Qui a parlé de Webkit ? Nous avons parlé d’évolution. - Chez: Il y a du thé renversé au bord de la table | offene Ablage: nothing to hide (seenthis.net) | oAnth's day by day interests - via its scoop.it contacts | Scoop.it

 

Url de la source au blog: 

https://dutherenverseauborddelatable.wordpress.com/2013/02/23/qui-a-parle-de-webkit-nous-avons-parle-devolution

 

 

[...]

 

Il y a quelques jours, Opera a jeté l’éponge sur Presto et rejoint le mouvement Webkit. J’avoue avoir quelques doutes sur les conséquences stratégiques de ce mouvement pour Opera, mais ce n’est pas de cela que traite mon billet. Cette volte-face est bien entendu décevante.
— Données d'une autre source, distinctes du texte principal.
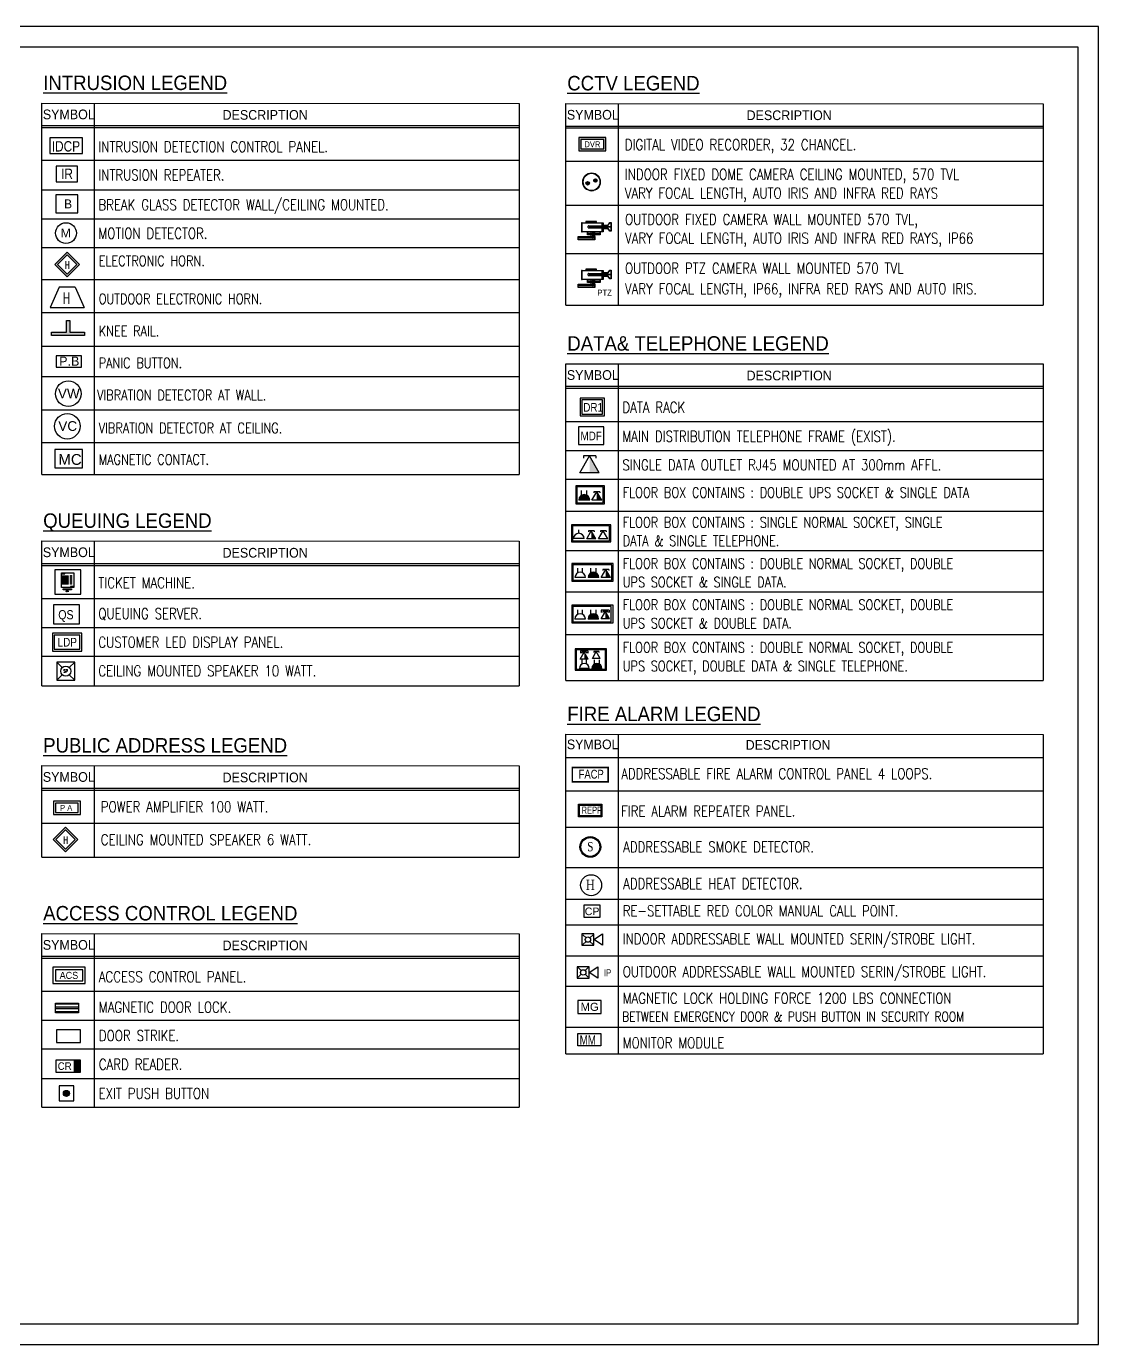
# Model space of a CAD drawing. Header units: metres. Extents: x 825.2 to 856.4, y 282.9 to 304.9.
# Drawn here: x 838.46 to 856.37, y 282.91 to 304.93 of the extents above; entities that cross this region are included whole.
import ezdxf
from ezdxf.enums import TextEntityAlignment as Align

# ---------------------------------------------------------------- set-up
doc = ezdxf.new("R2010")
doc.units = ezdxf.units.M
doc.header["$LTSCALE"] = 0.05
for name, color, linetype in [('04_E-FIRE', 3, 'Continuous'), ('A-Elev-Dims-100', 7, 'Continuous'), ('A-WALL', 4, 'Continuous'), ('Access', 7, 'Continuous'), ('AP06-300$0$E-CO-TXT', 2, 'Continuous'), ('CCTV-TXT L', 6, 'Continuous'), ('CT', 7, 'Continuous'), ('E-FIRE ALARM', 5, 'Continuous'), ('E-TEXT', 82, 'Continuous'), ('EL. BLOCK', 3, 'Continuous'), ('ELE-OBJ', 7, 'Continuous'), ('ELEC-NORMAL', 7, 'Continuous'), ('Elevation', 1, 'Continuous'), ('EXIT SIGN', 6, 'Continuous'), ('FIRE ALARAM TEXT', 22, 'Continuous'), ('FIRE ALARM', 3, 'Continuous'), ('FIRE_FAS', 200, 'Continuous'), ('L.C Risers', 130, 'Continuous'), ('PW', 4, 'Continuous'), ('Sockets', 4, 'Continuous'), ('T-SECUR', 140, 'Continuous'), ('text', 2, 'Continuous')]:
    doc.layers.add(name, color=color, linetype=linetype)
for name, color, linetype, lineweight in [('AP06-300$0$E-ACCESS-CONTROL', 3, 'Continuous', 25), ('AP06-300$0$E-CCTVCAM', 3, 'Continuous', 30), ('E _ PA', 4, 'Continuous', 25), ('ELECTRICAL', 3, 'Continuous', 9), ('mabani toob', 10, 'Continuous', 35), ('Public address', 4, 'Continuous', 0)]:
    doc.layers.add(name, color=color, linetype=linetype, lineweight=lineweight)
doc.styles.add('AP06-300$0$EN-SCL', font='swisscl.ttf')
doc.styles.add('Arial', font='ARIALN.TTF')
doc.styles.add('Arial_4', font='arial.ttf', dxfattribs={"height": 0.245883})
doc.styles.add('DD', font='ROMANS.SHX')
doc.styles.add('GENERATED_STYLE_1', font='arial.ttf')
doc.styles.add('QQ', font='romantic.ttf')
doc.styles.add('ROMANC', font='ROMANC.SHX')
doc.styles.add('ROMANS1', font='romans.shx', dxfattribs={"width": 0.8, "height": 250})
doc.styles.get("Standard").update_dxf_attribs({"font": 'arial.ttf'})
doc.styles.add('style2', font='seguisym.ttf', dxfattribs={"width": 0.8, "height": 200})
doc.styles.add('T25', font='STENCIL', dxfattribs={"height": 2.5})

# ---------------------------------------------------------------- blocks, each defined once
blk = doc.blocks.new('AP06-300$0$DDD')
at = {"layer": 'AP06-300$0$E-CCTVCAM'}
h = blk.add_hatch(color=11, dxfattribs=at)
h.paths.add_polyline_path([(209, -62), (209, -47), (-79, -47), (-79, -62)])
h.paths.add_polyline_path([(-79, 12), (-79, -12), (209, -12), (209, 12)])
h.paths.add_polyline_path([(209, 47), (209, 62), (-79, 62), (-79, 47)])
at = {"layer": 'AP06-300$0$E-ACCESS-CONTROL', "color": 5}
blk.add_lwpolyline([(-79, -62), (209, -62), (209, 62), (-79, 62)], close=True, dxfattribs=at)
at = {"layer": 'AP06-300$0$E-CCTVCAM', "color": 11}
for p, q in [((-79, 47), (209, 47)), ((-79, 12), (209, 12)), ((-79, -12), (209, -12)), ((-79, -47), (209, -47))]:
    blk.add_line(p, q, dxfattribs=at)
at = {"layer": 'AP06-300$0$E-CO-TXT', "style": 'AP06-300$0$EN-SCL'}
blk.add_attdef('STRIC', text='', height=250, dxfattribs=at).set_placement((31, 263), align=Align.MIDDLE_CENTER)
blk = doc.blocks.new('WERRRRR')
at = {"layer": 'CT'}
for points in [[(375, 375), (-375, 375), (-375, 0), (375, 0)], [(318, 317), (-318, 317), (-318, 57), (318, 57)]]:
    blk.add_lwpolyline(points, close=True, dxfattribs=at)
at = {"layer": 'text', "color": 2, "style": 'GENERATED_STYLE_1', "width": 0.92}
blk.add_text('ACS', height=163.3, dxfattribs=at).set_placement((-218, 104))
blk = doc.blocks.new('ssdsdgdgg')
at = {"layer": 'L.C Risers', "color": 0, "ltscale": 1000}
blk.add_lwpolyline([(0.171, 0.181), (-0.171, 0.181), (-0.171, 0), (0.171, 0)], close=True, dxfattribs=at)
at = {"layer": 'mabani toob', "color": 0, "ltscale": 1000, "insert": (-0.124, 0.144), "char_height": 0.1102, "attachment_point": 1}
blk.add_mtext_dynamic_manual_height_columns('D.S', width=35686.5594, gutter_width=12.5, heights=[0], dxfattribs=at)
blk = doc.blocks.new('RYJYRJJJ')
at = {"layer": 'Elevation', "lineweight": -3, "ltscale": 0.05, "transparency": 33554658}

Décevante pour la communauté Mozilla car il semble bien que nous venons de perdre notre plus solide allié dans le combat pour la vie privée et le web ouvert. Décevante aussi car la raison avancée par Opera pour cet abandon est qu’il avait trop de développeurs qui développaient non pas des applications web mais des applications webkit.

 

 

C’est bien ce point qui m’inquiète, car il s’agit d’un réel danger pour l’avenir du web entier. À chaque fois qu’une application est développée à partir de standards ouverts, elle peut fonctionner sur tous les navigateurs standards – pas uniquement les navigateurs principaux, mais aussi des navigateurs moins connus ou des navigateurs qui n’existent pas encore. À l’inverse, par définition, une application webkit ne fonctionnera que sur les navigateurs webkit. Si vous êtes un développeur web, souvenez-vous de ces chiffres : cela signifie que votre application va rejeter environ 60% de ses utilisateurs potentiels. Et encore, ce chiffre suppose que 1/ tous les utilisateurs actuels d’Opera vont passer à webkit ; 2/ tous les navigateurs webkit sont compatibles bug-pour-bug et bizarrerie-pour-bizarrerie, ce qui est loin d’être le cas.